Items listed in a dataset:
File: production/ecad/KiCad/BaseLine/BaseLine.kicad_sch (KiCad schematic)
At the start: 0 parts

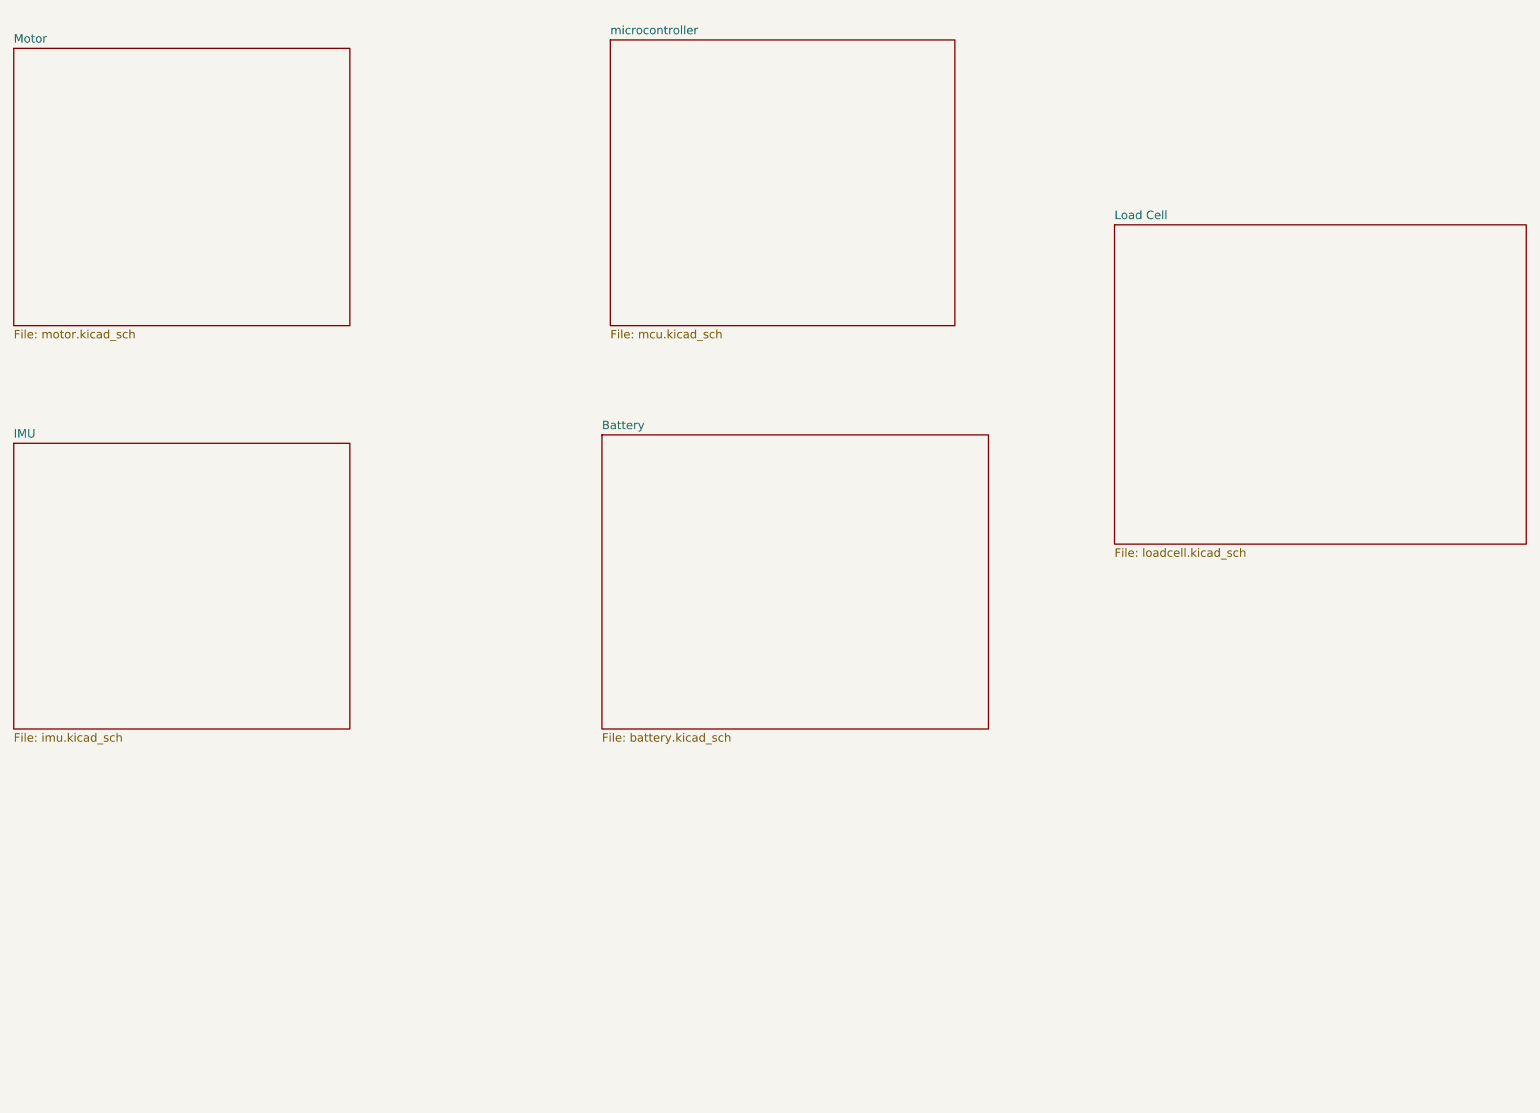
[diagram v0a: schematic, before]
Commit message: added rotary encoder schematic page
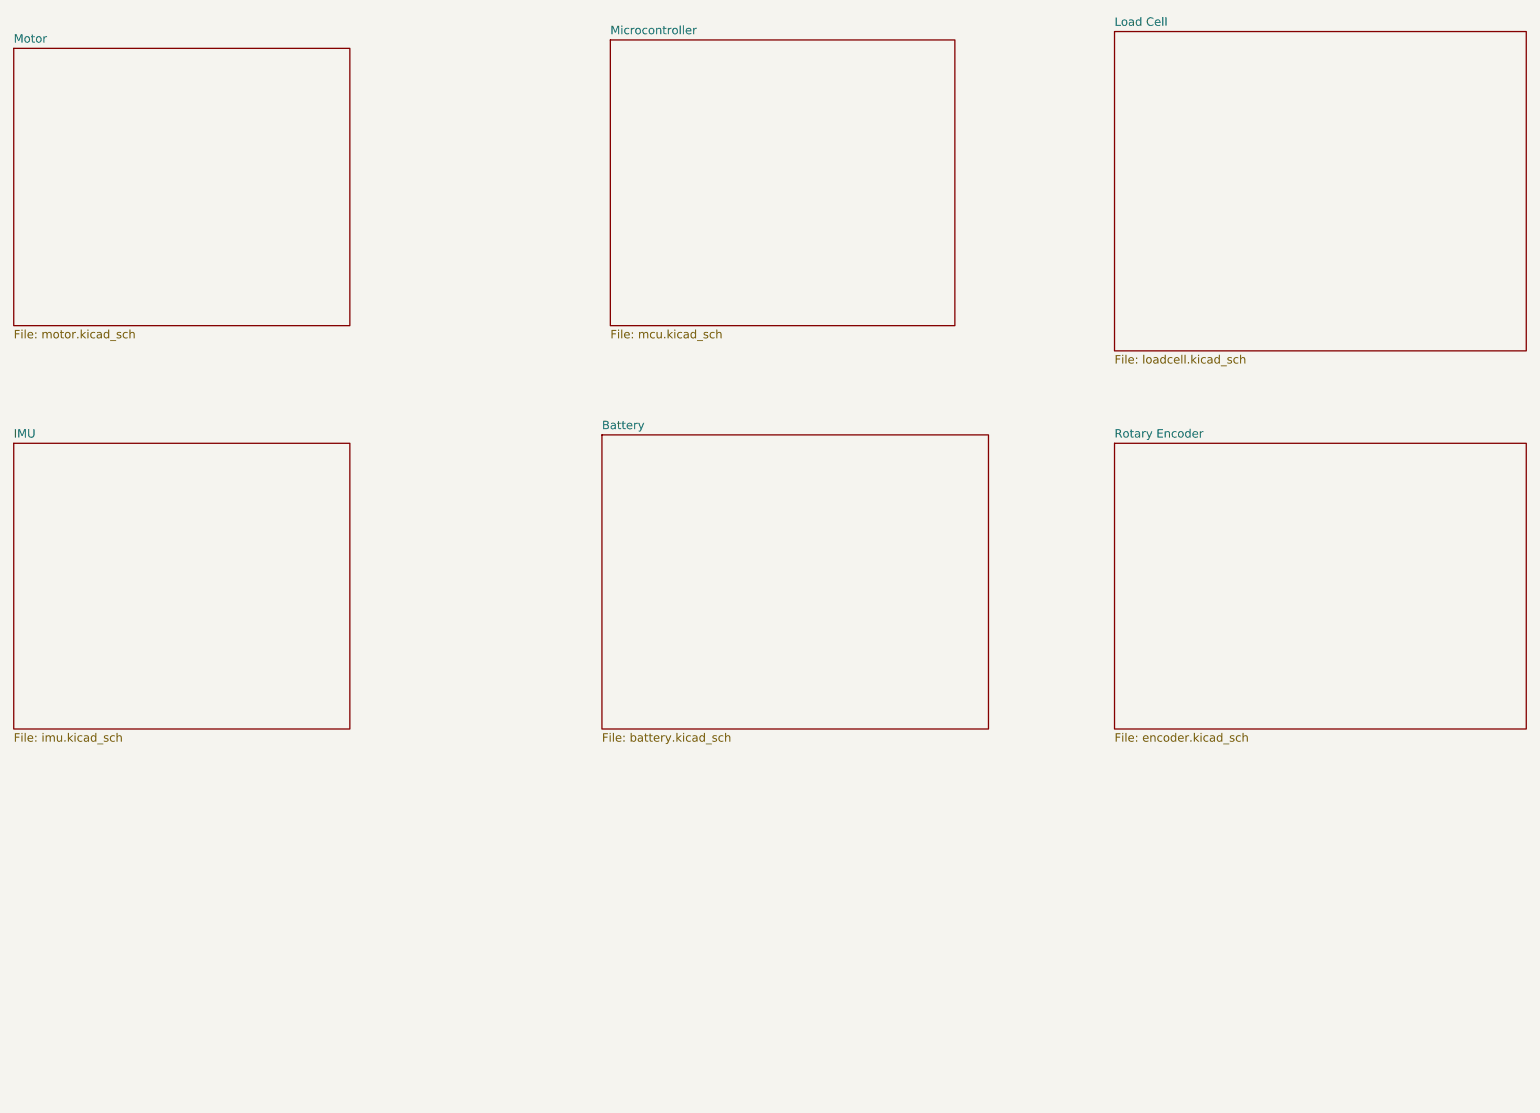
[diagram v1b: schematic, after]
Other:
- sheet microcontroller renamed Microcontroller
- added sheet Rotary Encoder (encoder.kicad_sch)
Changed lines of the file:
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@@
 	(paper "A4")
 	(sheet
-		(at 204.47 62.23)
+		(at 204.47 33.02)
 		(size 62.23 48.26)
 		(fields_autoplaced yes)
@@
 		)
 		(property "Sheetname" "Load Cell"
-			(at 204.47 61.5184 0)
+			(at 204.47 32.3084 0)
 			(effects
 				(font
@@
 		)
 		(property "Sheetfile" "loadcell.kicad_sch"
-			(at 204.47 111.0746 0)
+			(at 204.47 81.8646 0)
 			(effects
 				(font
@@
 	)
 	(sheet
+		(at 204.47 95.25)
+		(size 62.23 43.18)
+		(fields_autoplaced yes)
+		(stroke
+			(width 0.1524)
+			(type solid)
+		)
+		(fill
+			(color 0 0 0 0.0000)
+		)
+		(property "Sheetname" "Rotary Encoder"
+			(at 204.47 94.5384 0)
+			(effects
+				(font
+					(size 1.27 1.27)
+				)
+				(justify left bottom)
+			)
+		)
+		(property "Sheetfile" "encoder.kicad_sch"
+			(at 204.47 139.0146 0)
+			(effects
+				(font
+					(size 1.27 1.27)
+				)
+				(justify left top)
+			)
+		)
+		(instances
+			(project "BaseLine"
+				(path "/ba9eda21-3882-41e1-8265-3d8ac781da20"
+					(page "7")
+				)
+			)
+		)
+	)
+	(sheet
 		(at 128.27 34.29)
 		(size 52.07 43.18)
@@
 			(color 0 0 0 0.0000)
 		)
-		(property "Sheetname" "microcontroller"
+		(property "Sheetname" "Microcontroller"
 			(at 128.27 33.5784 0)
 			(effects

What you have to do: Starting at the line that contains "At the start: 0 parts", transcribe each line through the last one of the entries above, exactly and without pictures.

Reply to the task:
At the start: 0 parts

[diagram v0a: schematic, before]
Commit message: added rotary encoder schematic page
[diagram v1b: schematic, after]
Other:
- sheet microcontroller renamed Microcontroller
- added sheet Rotary Encoder (encoder.kicad_sch)
Changed lines of the file:
@@
 	(paper "A4")
 	(sheet
-		(at 204.47 62.23)
+		(at 204.47 33.02)
 		(size 62.23 48.26)
 		(fields_autoplaced yes)
@@
 		)
 		(property "Sheetname" "Load Cell"
-			(at 204.47 61.5184 0)
+			(at 204.47 32.3084 0)
 			(effects
 				(font
@@
 		)
 		(property "Sheetfile" "loadcell.kicad_sch"
-			(at 204.47 111.0746 0)
+			(at 204.47 81.8646 0)
 			(effects
 				(font
@@
 	)
 	(sheet
+		(at 204.47 95.25)
+		(size 62.23 43.18)
+		(fields_autoplaced yes)
+		(stroke
+			(width 0.1524)
+			(type solid)
+		)
+		(fill
+			(color 0 0 0 0.0000)
+		)
+		(property "Sheetname" "Rotary Encoder"
+			(at 204.47 94.5384 0)
+			(effects
+				(font
+					(size 1.27 1.27)
+				)
+				(justify left bottom)
+			)
+		)
+		(property "Sheetfile" "encoder.kicad_sch"
+			(at 204.47 139.0146 0)
+			(effects
+				(font
+					(size 1.27 1.27)
+				)
+				(justify left top)
+			)
+		)
+		(instances
+			(project "BaseLine"
+				(path "/ba9eda21-3882-41e1-8265-3d8ac781da20"
+					(page "7")
+				)
+			)
+		)
+	)
+	(sheet
 		(at 128.27 34.29)
 		(size 52.07 43.18)
@@
 			(color 0 0 0 0.0000)
 		)
-		(property "Sheetname" "microcontroller"
+		(property "Sheetname" "Microcontroller"
 			(at 128.27 33.5784 0)
 			(effects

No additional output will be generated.